Tyson et al. [14,15] studied the dynamics of model (3) and system (3) has two equilibria $O(0,0,0)$ and $P(x^{*},y^{*},z^{*})$, and O is unstable. Here,

$$z^{*}=x^{*},y^{*}=\frac{f{x}^{*}}{1+x^{*}}=\frac{1}{2}[(1+f)-q{x}^{*}],2q{x}^{*}=(1-f-q)+{[{(1-f-q)}^2+4q(1+f)]}^{\frac{1}{2}}.$$

The globally asymptotic stability of the equilibrium state can be seen and in [13,16]. The Theorem 1.10 in [13] shows that the positive equilibrium state of model (2) is globally asymptotic stable for $f\in (0,f_1)\bigcup (f_2,\infty ).$ In [17], Tang proved that for system (3), B is a positive invariant set, and all positive initial solution will enter into B ultimately, here

$$B=\{(x,y,z)|1⩽x⩽\frac{1}{q},y_1⩽y⩽y_2,1⩽z⩽\frac{1}{q}\}$$

and $y_1=\frac{fq}{1+q},y_2=\frac{f}{2q}.$

Note model (1) is deterministic and does not incorporate the effect of environment noise, which is always present.
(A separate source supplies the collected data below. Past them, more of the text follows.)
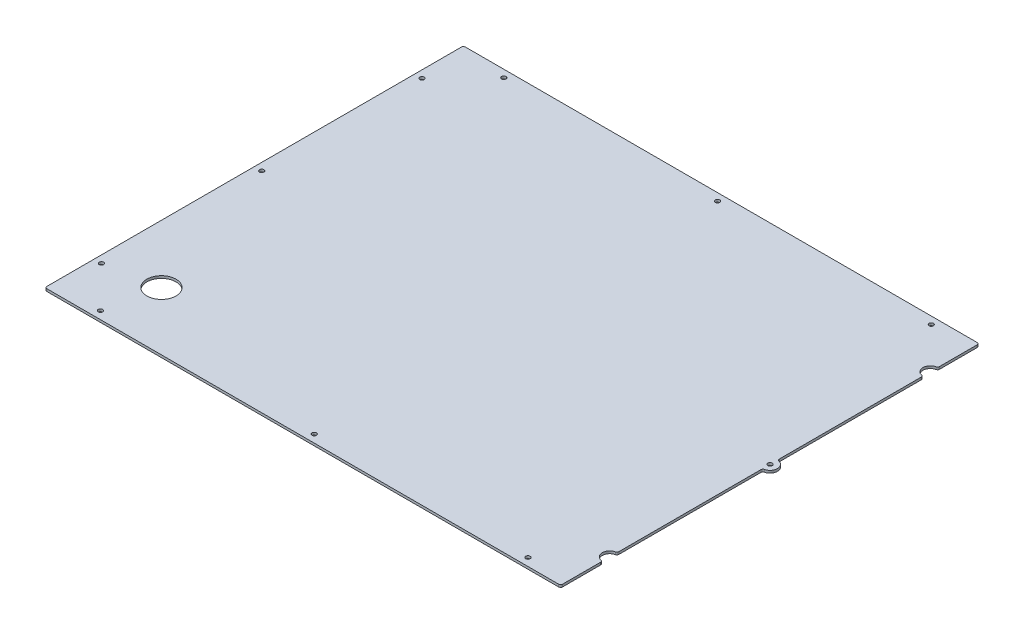
ISO-10303-21;
HEADER;
FILE_DESCRIPTION(('STEP AP214'),'2;1');
FILE_NAME('part.step','',(''),(''),'','','');
FILE_SCHEMA(('AUTOMOTIVE_DESIGN { 1 0 10303 214 1 1 1 1 }'));
ENDSEC;
DATA;
#1=APPLICATION_CONTEXT('core data for automotive mechanical design processes');
#2=APPLICATION_PROTOCOL_DEFINITION('international standard','automotive_design',2000,#1);
#3=PRODUCT_CONTEXT('',#1,'mechanical');
#4=PRODUCT('Part','Part','',(#3));
#5=PRODUCT_RELATED_PRODUCT_CATEGORY('part','',(#4));
#6=PRODUCT_DEFINITION_FORMATION('','',#4);
#7=PRODUCT_DEFINITION_CONTEXT('part definition',#1,'design');
#8=PRODUCT_DEFINITION('design','',#6,#7);
#9=PRODUCT_DEFINITION_SHAPE('','',#8);
#10=(LENGTH_UNIT() NAMED_UNIT(*) SI_UNIT(.MILLI.,.METRE.));
#11=(NAMED_UNIT(*) PLANE_ANGLE_UNIT() SI_UNIT($,.RADIAN.));
#12=(NAMED_UNIT(*) SI_UNIT($,.STERADIAN.) SOLID_ANGLE_UNIT());
#13=UNCERTAINTY_MEASURE_WITH_UNIT(LENGTH_MEASURE(1.E-05),#10,'distance_accuracy_value','');
#14=(GEOMETRIC_REPRESENTATION_CONTEXT(3) GLOBAL_UNCERTAINTY_ASSIGNED_CONTEXT((#13)) GLOBAL_UNIT_ASSIGNED_CONTEXT((#10,
#11,#12)) REPRESENTATION_CONTEXT('',''));
#15=CARTESIAN_POINT('',(0.,0.,0.));
#16=DIRECTION('',(0.,0.,1.));
#17=DIRECTION('',(1.,0.,0.));
#18=AXIS2_PLACEMENT_3D('',#15,#16,#17);
#19=CARTESIAN_POINT('',(-337.058,3.175,-273.558));
#20=DIRECTION('',(0.,0.,1.));
#21=DIRECTION('',(1.,0.,0.));
#22=AXIS2_PLACEMENT_3D('',#19,#20,#21);
#23=PLANE('',#22);
#24=DIRECTION('',(-1.,0.,0.));
#25=VECTOR('',#24,1.);
#26=CARTESIAN_POINT('',(-337.058,0.,-273.558));
#27=LINE('',#26,#25);
#28=CARTESIAN_POINT('',(334.518,0.,-273.558));
#29=VERTEX_POINT('',#28);
#30=CARTESIAN_POINT('',(-334.518,0.,-273.558));
#31=VERTEX_POINT('',#30);
#32=EDGE_CURVE('E200',#29,#31,#27,.T.);
#33=ORIENTED_EDGE('',*,*,#32,.T.);
#34=DIRECTION('',(0.,-1.,0.));
#35=VECTOR('',#34,1.);
#36=CARTESIAN_POINT('',(-334.518,3.175,-273.558));
#37=LINE('',#36,#35);
#38=CARTESIAN_POINT('',(-334.518,3.175,-273.558));
#39=VERTEX_POINT('',#38);
#40=EDGE_CURVE('E178',#31,#39,#37,.F.);
#41=ORIENTED_EDGE('',*,*,#40,.T.);
#42=DIRECTION('',(-1.,0.,0.));
#43=VECTOR('',#42,1.);
#44=CARTESIAN_POINT('',(-337.058,3.175,-273.558));
#45=LINE('',#44,#43);
#46=CARTESIAN_POINT('',(334.518,3.175,-273.558));
#47=VERTEX_POINT('',#46);
#48=EDGE_CURVE('E228',#47,#39,#45,.T.);
#49=ORIENTED_EDGE('',*,*,#48,.F.);
#50=DIRECTION('',(0.,-1.,0.));
#51=VECTOR('',#50,1.);
#52=CARTESIAN_POINT('',(334.518,3.175,-273.558));
#53=LINE('',#52,#51);
#54=EDGE_CURVE('E183',#47,#29,#53,.T.);
#55=ORIENTED_EDGE('',*,*,#54,.T.);
#56=EDGE_LOOP('',(#33,#41,#49,#55));
#57=FACE_BOUND('',#56,.T.);
#58=ADVANCED_FACE('F35',(#57),#23,.F.);
#59=CARTESIAN_POINT('',(-337.058,3.175,273.558));
#60=DIRECTION('',(1.,0.,0.));
#61=DIRECTION('',(0.,0.,-1.));
#62=AXIS2_PLACEMENT_3D('',#59,#60,#61);
#63=PLANE('',#62);
#64=DIRECTION('',(0.,0.,1.));
#65=VECTOR('',#64,1.);
#66=CARTESIAN_POINT('',(-337.058,3.175,273.558));
#67=LINE('',#66,#65);
#68=CARTESIAN_POINT('',(-337.058,3.175,-271.018));
#69=VERTEX_POINT('',#68);
#70=CARTESIAN_POINT('',(-337.058,3.175,271.018));
#71=VERTEX_POINT('',#70);
#72=EDGE_CURVE('E193',#69,#71,#67,.T.);
#73=ORIENTED_EDGE('',*,*,#72,.F.);
#74=DIRECTION('',(0.,-1.,0.));
#75=VECTOR('',#74,1.);
#76=CARTESIAN_POINT('',(-337.058,3.175,-271.018));
#77=LINE('',#76,#75);
#78=CARTESIAN_POINT('',(-337.058,0.,-271.018));
#79=VERTEX_POINT('',#78);
#80=EDGE_CURVE('E177',#69,#79,#77,.T.);
#81=ORIENTED_EDGE('',*,*,#80,.T.);
#82=DIRECTION('',(0.,0.,1.));
#83=VECTOR('',#82,1.);
#84=CARTESIAN_POINT('',(-337.058,0.,273.558));
#85=LINE('',#84,#83);
#86=CARTESIAN_POINT('',(-337.058,0.,271.018));
#87=VERTEX_POINT('',#86);
#88=EDGE_CURVE('E190',#79,#87,#85,.T.);
#89=ORIENTED_EDGE('',*,*,#88,.T.);
#90=DIRECTION('',(0.,-1.,0.));
#91=VECTOR('',#90,1.);
#92=CARTESIAN_POINT('',(-337.058,3.175,271.018));
#93=LINE('',#92,#91);
#94=EDGE_CURVE('E195',#87,#71,#93,.F.);
#95=ORIENTED_EDGE('',*,*,#94,.T.);
#96=EDGE_LOOP('',(#73,#81,#89,#95));
#97=FACE_BOUND('',#96,.T.);
#98=ADVANCED_FACE('F189',(#97),#63,.F.);
#99=CARTESIAN_POINT('',(-337.058,3.175,273.558));
#100=DIRECTION('',(0.,0.,-1.));
#101=DIRECTION('',(-1.,0.,0.));
#102=AXIS2_PLACEMENT_3D('',#99,#100,#101);
#103=PLANE('',#102);
#104=DIRECTION('',(1.,0.,0.));
#105=VECTOR('',#104,1.);
#106=CARTESIAN_POINT('',(-337.058,3.175,273.558));
#107=LINE('',#106,#105);
#108=CARTESIAN_POINT('',(-334.518,3.175,273.558));
#109=VERTEX_POINT('',#108);
#110=CARTESIAN_POINT('',(334.518,3.175,273.558));
#111=VERTEX_POINT('',#110);
#112=EDGE_CURVE('E403',#109,#111,#107,.T.);
#113=ORIENTED_EDGE('',*,*,#112,.F.);
#114=DIRECTION('',(0.,-1.,0.));
#115=VECTOR('',#114,1.);
#116=CARTESIAN_POINT('',(-334.518,3.175,273.558));
#117=LINE('',#116,#115);
#118=CARTESIAN_POINT('',(-334.518,0.,273.558));
#119=VERTEX_POINT('',#118);
#120=EDGE_CURVE('E263',#109,#119,#117,.T.);
#121=ORIENTED_EDGE('',*,*,#120,.T.);
#122=DIRECTION('',(1.,0.,0.));
#123=VECTOR('',#122,1.);
#124=CARTESIAN_POINT('',(-337.058,0.,273.558));
#125=LINE('',#124,#123);
#126=CARTESIAN_POINT('',(334.518,0.,273.558));
#127=VERTEX_POINT('',#126);
#128=EDGE_CURVE('E199',#119,#127,#125,.T.);
#129=ORIENTED_EDGE('',*,*,#128,.T.);
#130=DIRECTION('',(0.,-1.,0.));
#131=VECTOR('',#130,1.);
#132=CARTESIAN_POINT('',(334.518,3.175,273.558));
#133=LINE('',#132,#131);
#134=EDGE_CURVE('E261',#127,#111,#133,.F.);
#135=ORIENTED_EDGE('',*,*,#134,.T.);
#136=EDGE_LOOP('',(#113,#121,#129,#135));
#137=FACE_BOUND('',#136,.T.);
#138=ADVANCED_FACE('F362',(#137),#103,.F.);
#139=CARTESIAN_POINT('',(337.058,3.175,273.558));
#140=DIRECTION('',(-1.,0.,0.));
#141=DIRECTION('',(0.,0.,1.));
#142=AXIS2_PLACEMENT_3D('',#139,#140,#141);
#143=PLANE('',#142);
#144=DIRECTION('',(0.,0.,-1.));
#145=VECTOR('',#144,1.);
#146=CARTESIAN_POINT('',(337.058,3.175,273.558));
#147=LINE('',#146,#145);
#148=CARTESIAN_POINT('',(337.058,3.175,271.018));
#149=VERTEX_POINT('',#148);
#150=CARTESIAN_POINT('',(337.058,3.175,221.220481707814));
#151=VERTEX_POINT('',#150);
#152=EDGE_CURVE('E398',#149,#151,#147,.T.);
#153=ORIENTED_EDGE('',*,*,#152,.F.);
#154=DIRECTION('',(0.,-1.,0.));
#155=VECTOR('',#154,1.);
#156=CARTESIAN_POINT('',(337.058,3.175,271.018));
#157=LINE('',#156,#155);
#158=CARTESIAN_POINT('',(337.058,0.,271.018));
#159=VERTEX_POINT('',#158);
#160=EDGE_CURVE('E268',#149,#159,#157,.T.);
#161=ORIENTED_EDGE('',*,*,#160,.T.);
#162=DIRECTION('',(0.,0.,-1.));
#163=VECTOR('',#162,1.);
#164=CARTESIAN_POINT('',(337.058,0.,273.558));
#165=LINE('',#164,#163);
#166=CARTESIAN_POINT('',(337.058,0.,221.220481707814));
#167=VERTEX_POINT('',#166);
#168=EDGE_CURVE('E203',#159,#167,#165,.T.);
#169=ORIENTED_EDGE('',*,*,#168,.T.);
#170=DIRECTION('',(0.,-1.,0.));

In fact, chemical reaction models are affected by environmental white noise, because the temperature and pressure varies during chemical reaction processes and is closely related to the process. Two stochastic chemical reaction models were discussed in [18,19,20] where the chemical reaction model was considered under stochastic perturbation with the Lyapunov method.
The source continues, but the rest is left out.